# Calvus and compressiceps



## danielratti (Feb 17, 2008)

Hi, I have a 30 long and at the moment i have nothing in it i was wondering if i could do calvus or compressiceps in it. My lfs said i should have not problems and I could actually have a couple groups he said. 
would this be a good idea? 
What else could i keep with them also.


----------



## Furcifer158 (Feb 16, 2008)

not to sure on a couple groups but 1 male and a few females would be fine.


----------



## Fogelhund (Dec 3, 2002)

You could do one group of Alto's as mentioned above.

In addition, I would consider adding in a small Julidochromis or Telmatochromis vittatus.


----------



## JWerner2 (Jul 7, 2008)

So far Im raising two Alto Compressiceps and 3 small yellow Leleupis with one large orange Leleupi in that size tank.

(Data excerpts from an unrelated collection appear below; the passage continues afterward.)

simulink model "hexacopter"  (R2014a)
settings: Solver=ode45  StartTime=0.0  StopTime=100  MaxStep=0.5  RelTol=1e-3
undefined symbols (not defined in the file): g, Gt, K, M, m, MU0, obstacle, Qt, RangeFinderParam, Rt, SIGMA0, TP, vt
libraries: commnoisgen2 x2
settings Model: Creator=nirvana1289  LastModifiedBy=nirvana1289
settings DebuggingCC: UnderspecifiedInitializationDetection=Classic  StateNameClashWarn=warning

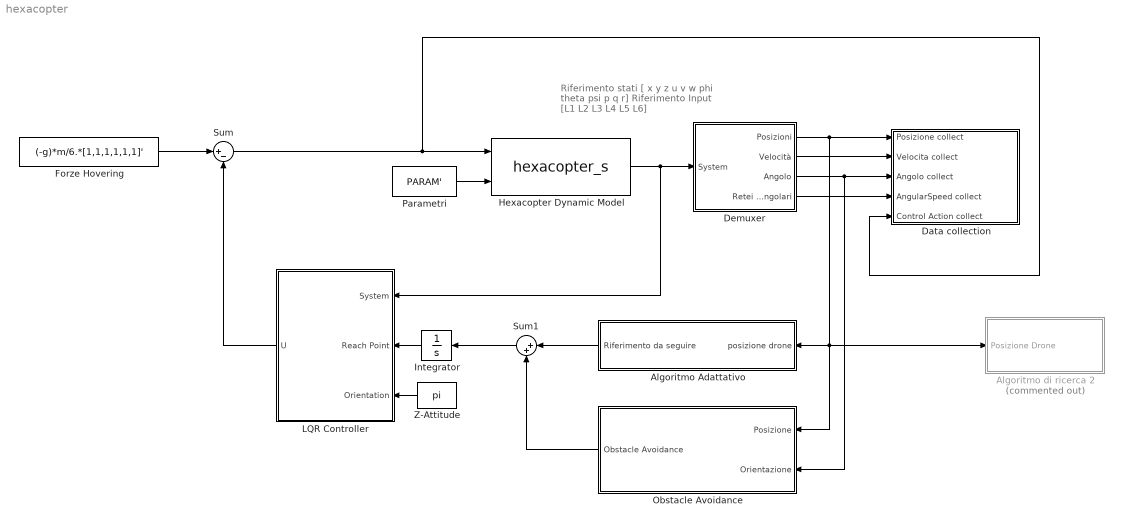
== system hexacopter ==
  note: Riferimento stati
      | [ x y z u v w phi theta psi p q r]
      | Riferimento Input
      | [L1 L2 L3 L4 L5 L6]
  Algoritmo Adattativo : Subsystem
  Algoritmo di ricerca 2 : Subsystem  Commented=on
  Data collection : Subsystem
  Demuxer : Subsystem
  Forze Hovering : Constant  Value=(-g)*m/6.*[1,1,1,1,1,1]'
  Hexacopter Dynamic Model : S-Function  InitFcn=try, set_param(gcb,'FunctionName','hexacopter_s'), end  FunctionName=hexacopter_s  SFunctionModules=hexacopter_s_wrapper  EnableBusSupport=off  mask(S-Function Builder){}
      mask help: Simulink:masks:SFunctionBuilder_MD
      mask init:
      | val = [[.9  0.75 0.75 1 1 .9 .9 1]',[1 1 0.75 0.75 .9 .9 1 .9]'];try , sys = get_param(gcb,'SfunBuilderFcnName');if isempty(sys), sys = get_param(gcb,'FunctionName'); end,catch, sys = get_param(gcb,'FunctionName'); end
      settings: CopyFcn=set_param(gcbh,'LinkStatus','none')  PreSaveFcn=try, set_param(gcb,'FunctionName','hexacopter_s'), end  OpenFcn=sfunctionwizard(gcbh)
      mask Display:
      | plot(val(:,1),val(:,2))
      | disp(sys)
      | port_label('input',1,'u')
      | port_label('input',2,'p')
      | port_label('output',1,'y')
  Integrator : Integrator  InitialCondition=RP'
  LQR Controller : Subsystem
  Obstacle Avoidance : Subsystem
  Parametri : Constant  Value=PARAM'
  Sum : Sum  Inputs=|+-
  Sum1 : Sum  Inputs=|++
  Z-Attitude : Constant  Value=pi
  wires:
  Sum/1 -> Hexacopter Dynamic Model/1, Data collection/5(Control Action collect)
  Forze Hovering/1 -> Sum/1
  Demuxer/3(Angolo) -> Obstacle Avoidance/2(Orientazione), Data collection/3(Angolo collect)
  Demuxer/4(Retei angolari) -> Data collection/4(AngularSpeed collect)
  Demuxer/2(Velocità) -> Data collection/2(Velocita collect)
  Demuxer/1(Posizioni) -> Obstacle Avoidance/1(Posizione), Algoritmo Adattativo/1(posizione drone), Algoritmo di ricerca 2/1(Posizione Drone), Data collection/1(Posizione collect)
  Parametri/1 -> Hexacopter Dynamic Model/2
  LQR Controller/1(U) -> Sum/2
  Z-Attitude/1 -> LQR Controller/3(Orientation)
  Hexacopter Dynamic Model/1 -> LQR Controller/1(System), Demuxer/1(System)
  Integrator/1 -> LQR Controller/2(Reach Point)
  Algoritmo Adattativo/1(Riferimento da seguire) -> Sum1/1
  Obstacle Avoidance/1(Obstacle Avoidance) -> Sum1/2
  Sum1/1 -> Integrator/1

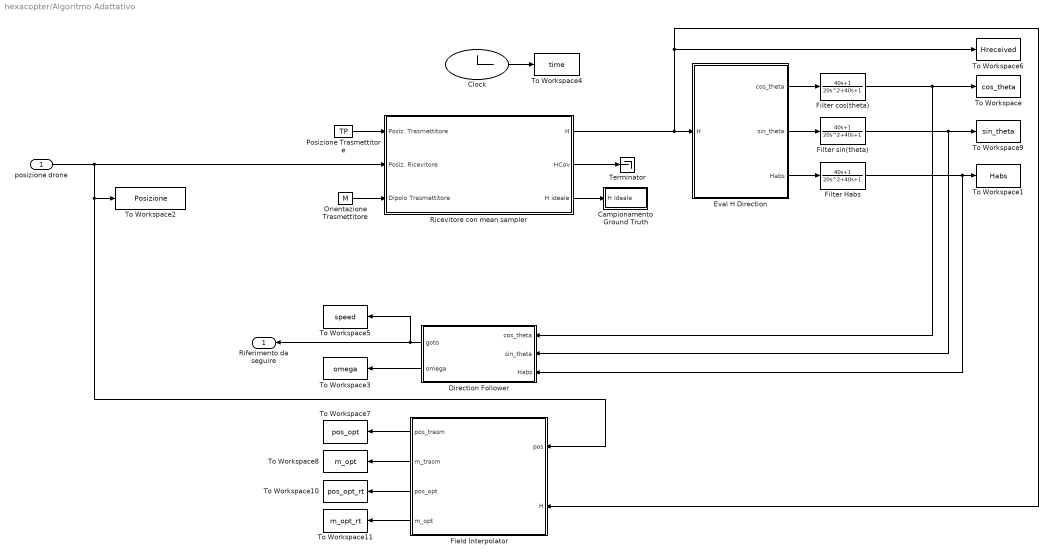
== system hexacopter/Algoritmo Adattativo ==
  posizione drone : Inport
  Campionamento Ground Truth : Subsystem
  Clock : Clock
  Direction Follower : MATLAB Function  TreatAsAtomicUnit=on
  Eval H Direction : MATLAB Function  TreatAsAtomicUnit=on
  Field Interpolator : MATLAB Function  TreatAsAtomicUnit=on
  Filter Habs : TransferFcn  Numerator=[40 1]  Denominator=[20,40,1]
  Filter cos(theta) : TransferFcn  Numerator=[40 1]  Denominator=[20,40,1]
  Filter sin(theta) : TransferFcn  Numerator=[40 1]  Denominator=[20,40,1]
  Orientazione Trasmettitore : Constant  Value=M
  Posizione Trasmettitore : Constant  Value=TP
  Ricevitore con mean sampler : Subsystem  TreatAsAtomicUnit=on
  Terminator : Terminator
  To Workspace : ToWorkspace  VariableName=cos_theta  SampleTime=-1
  To Workspace1 : ToWorkspace  VariableName=Habs  SampleTime=-1
  To Workspace10 : ToWorkspace  VariableName=pos_opt_rt  SampleTime=-1
  To Workspace11 : ToWorkspace  VariableName=m_opt_rt  SampleTime=-1
  To Workspace2 : ToWorkspace  VariableName=Posizione  SampleTime=-1
  To Workspace3 : ToWorkspace  VariableName=omega  SampleTime=-1
  To Workspace4 : ToWorkspace  VariableName=time  SampleTime=-1
  To Workspace5 : ToWorkspace  VariableName=speed  SampleTime=-1
  To Workspace6 : ToWorkspace  VariableName=Hreceived  SampleTime=-1
  To Workspace7 : ToWorkspace  VariableName=pos_opt  SampleTime=-1
  To Workspace8 : ToWorkspace  VariableName=m_opt  SampleTime=-1
  To Workspace9 : ToWorkspace  VariableName=sin_theta  SampleTime=-1
  Riferimento da seguire : Outport
  wires:
  Direction Follower/1(goto) -> Riferimento da seguire/1, To Workspace5/1
  Posizione Trasmettitore/1 -> Ricevitore con mean sampler/1(Posiz. Trasmettitore)
  Orientazione Trasmettitore/1 -> Ricevitore con mean sampler/3(Dipolo Trasmettitore)
  Eval H Direction/1(cos_theta) -> Filter cos(theta)/1
  posizione drone/1 -> Ricevitore con mean sampler/2(Posiz. Ricevitore), To Workspace2/1, Field Interpolator/1(pos)
  Ricevitore con mean sampler/2(HCov) -> Terminator/1
  Eval H Direction/3(Habs) -> Filter Habs/1
  Direction Follower/2(omega) -> To Workspace3/1
  Clock/1 -> To Workspace4/1
  Ricevitore con mean sampler/3(H ideale) -> Campionamento Ground Truth/1(H Ideale)
  Ricevitore con mean sampler/1(H) -> Field Interpolator/2(H), To Workspace6/1, Eval H Direction/1(H)
  Field Interpolator/1(pos_trasm) -> To Workspace7/1
  Field Interpolator/2(m_trasm) -> To Workspace8/1
  Eval H Direction/2(sin_theta) -> Filter sin(theta)/1
  Filter sin(theta)/1 -> Direction Follower/2(sin_theta), To Workspace9/1
  Filter Habs/1 -> Direction Follower/3(Habs), To Workspace1/1
  Filter cos(theta)/1 -> Direction Follower/1(cos_theta), To Workspace/1
  Field Interpolator/3(pos_opt) -> To Workspace10/1
  Field Interpolator/4(m_opt) -> To Workspace11/1

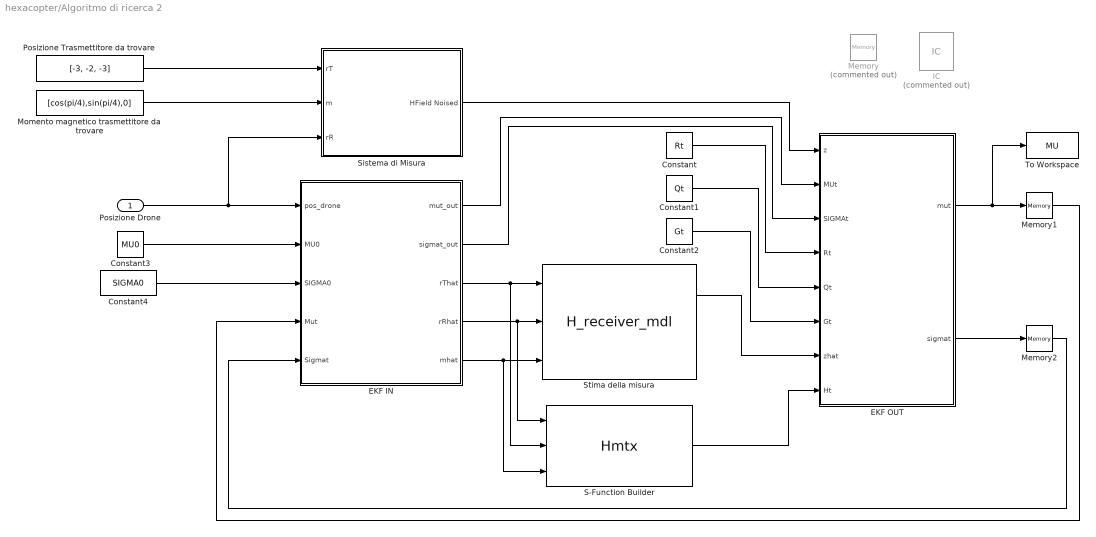
== system hexacopter/Algoritmo di ricerca 2 ==
  Posizione Drone : Inport
  Constant : Constant  Value=Rt
  Constant1 : Constant  Value=Qt
  Constant2 : Constant  Value=Gt
  Constant3 : Constant  Value=MU0
  Constant4 : Constant  Value=SIGMA0
  EKF IN : MATLAB Function  TreatAsAtomicUnit=on
  EKF OUT : MATLAB Function  TreatAsAtomicUnit=on
  IC : InitialCondition  Commented=on
  Memory : Memory  Commented=on
  Memory1 : Memory  X0=zeros(9,1)
  Memory2 : Memory  X0=ones(9,9)
  Momento magnetico trasmettitore da trovare : Constant  Value=[cos(pi/4),sin(pi/4),0]
  Posizione Trasmettitore da trovare : Constant  Value=[-3, -2, -3]
  S-Function Builder : S-Function  InitFcn=try, set_param(gcb,'FunctionName','Hmtx'), end  FunctionName=Hmtx  SFunctionModules=Hmtx_wrapper  EnableBusSupport=off  mask(S-Function Builder){}
      mask help: Simulink:masks:SFunctionBuilder_MD
      mask init: same as hexacopter/Hexacopter Dynamic Model
      settings: CopyFcn=set_param(gcbh,'LinkStatus','none')  PreSaveFcn=try, set_param(gcb,'FunctionName','Hmtx'), end  OpenFcn=sfunctionwizard(gcbh)
      mask Display: plot(val(:,1),val(:,2)),disp(sys), port_label('input',1,'rR'), port_label('input',2,'rT'), port_label('input',3,'m'), port_label('output',1,'HMtx')
  Sistema di Misura : Subsystem
  Stima della misura : S-Function  FunctionName=H_receiver_mdl  EnableBusSupport=off
  To Workspace : ToWorkspace  VariableName=MU  SampleTime=-1
  wires:
  Posizione Drone/1 -> EKF IN/1(pos_drone), Sistema di Misura/3(rR)
  Constant3/1 -> EKF IN/2(MU0)
  Constant4/1 -> EKF IN/3(SIGMA0)
  Posizione Trasmettitore da trovare/1 -> Sistema di Misura/1(rT)
  Momento magnetico trasmettitore da trovare/1 -> Sistema di Misura/2(m)
  EKF IN/5(mhat) -> S-Function Builder/3, Stima della misura/3
  EKF IN/3(rThat) -> S-Function Builder/2, Stima della misura/1
  EKF IN/4(rRhat) -> S-Function Builder/1, Stima della misura/2
  Sistema di Misura/1(HField Noised) -> EKF OUT/1(z)
  EKF IN/1(mut_out) -> EKF OUT/2(MUt)
  EKF IN/2(sigmat_out) -> EKF OUT/3(SIGMAt)
  Constant/1 -> EKF OUT/4(Rt)
  Constant1/1 -> EKF OUT/5(Qt)
  Constant2/1 -> EKF OUT/6(Gt)
  Stima della misura/1 -> EKF OUT/7(zhat)
  S-Function Builder/1 -> EKF OUT/8(Ht)
  EKF OUT/1(mut) -> To Workspace/1, Memory1/1
  EKF OUT/2(sigmat) -> Memory2/1
  Memory2/1 -> EKF IN/5(Sigmat)
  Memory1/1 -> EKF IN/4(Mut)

The Leleupis squabble a bit but I know Im gunna have to get rid of some as they grow. The Comps get along great so far. What I would say you do is to get a pair of Comps and then add a small group of fish like Julies and Lupis to contrast the Comps body shape. It complements the Comps a lot more! :thumb:


----------



## danielratti (Feb 17, 2008)

i was thinking leleupis like 2 or 3 but at my lfs all the comps he has are like in the half inch range so i dunno how i would sex them.


----------



## Fogelhund (Dec 3, 2002)

Just get six Alto's and let them grow up together. N. leleupi can be pretty aggressive on each other, and may or may not work in your tank.


----------



## danielratti (Feb 17, 2008)

Thats what i thought. i want something that has a pretty nice look to it. *** been looking at the profiles. Telmatochromis vittatus did really appeal to me but i looked at Julidochromis regani Kipili and they looked nice also Julidochromis marlieri but i don't think i could get those where i live. Maybe some sort of colourful shellie?


----------



## Fogelhund (Dec 3, 2002)

Personally, I would recommend sticking with the smaller Julidochromis in a tank this size, and not marlieri or regani.


----------



## gideonx5 (Jan 28, 2008)

I have 4 comps all varying sizes from 2 inches to 6 inches in a 40 long with some brevis. The comps squabble a bit, nothing more a split fin every now and then. Its mostly because I have 2 large males. They get along great with brevis though, comps dont bother the brevis at all.


----------



## danielratti (Feb 17, 2008)

ok well i bought some and their about a inch. *** had them since saturday and i haven't seen them eat yet i tryed dryed brine shrimp and NLS. What should i feed them when there that little?


----------



## Fogelhund (Dec 3, 2002)

What were they feeding at the place you bought them from?


----------



## Robchester_2000 (Nov 8, 2008)

i bought some similar comps three weeks ago, and yes they don't seem to feed for ages, don't worry, they will, they are just incredibly shy. as they get more used to te tank they will come out and feed when you are around. i just put in some black skirt tetras with mine, not exactly for the purists, but adaptable fish, and the comps have immediatly become more sociable with dithers around.


----------



## danielratti (Feb 17, 2008)

the feed NLS and some sort of flake food.


----------



## danielratti (Feb 17, 2008)

i put some blue platys in from another tank with them do you think that would help?


----------



## triscuit (May 6, 2005)

I think leaving them alone will help the most. Altos take a long time to settle in, and fewer disturbances will be better. Be careful not to over feed... they'll let you know when they are hungry.


----------



## danielratti (Feb 17, 2008)

well i only put the platys in cause the one that i beleave to be a male he turned dark red and got blue on its sides started acting funny this morning when i turned the light on he was swimming on his side and stuff i changed half the water and added 2 platys


----------



## triscuit (May 6, 2005)

What are your water parameters? Have you tested for ammonia, nitrite, and nitrate?


----------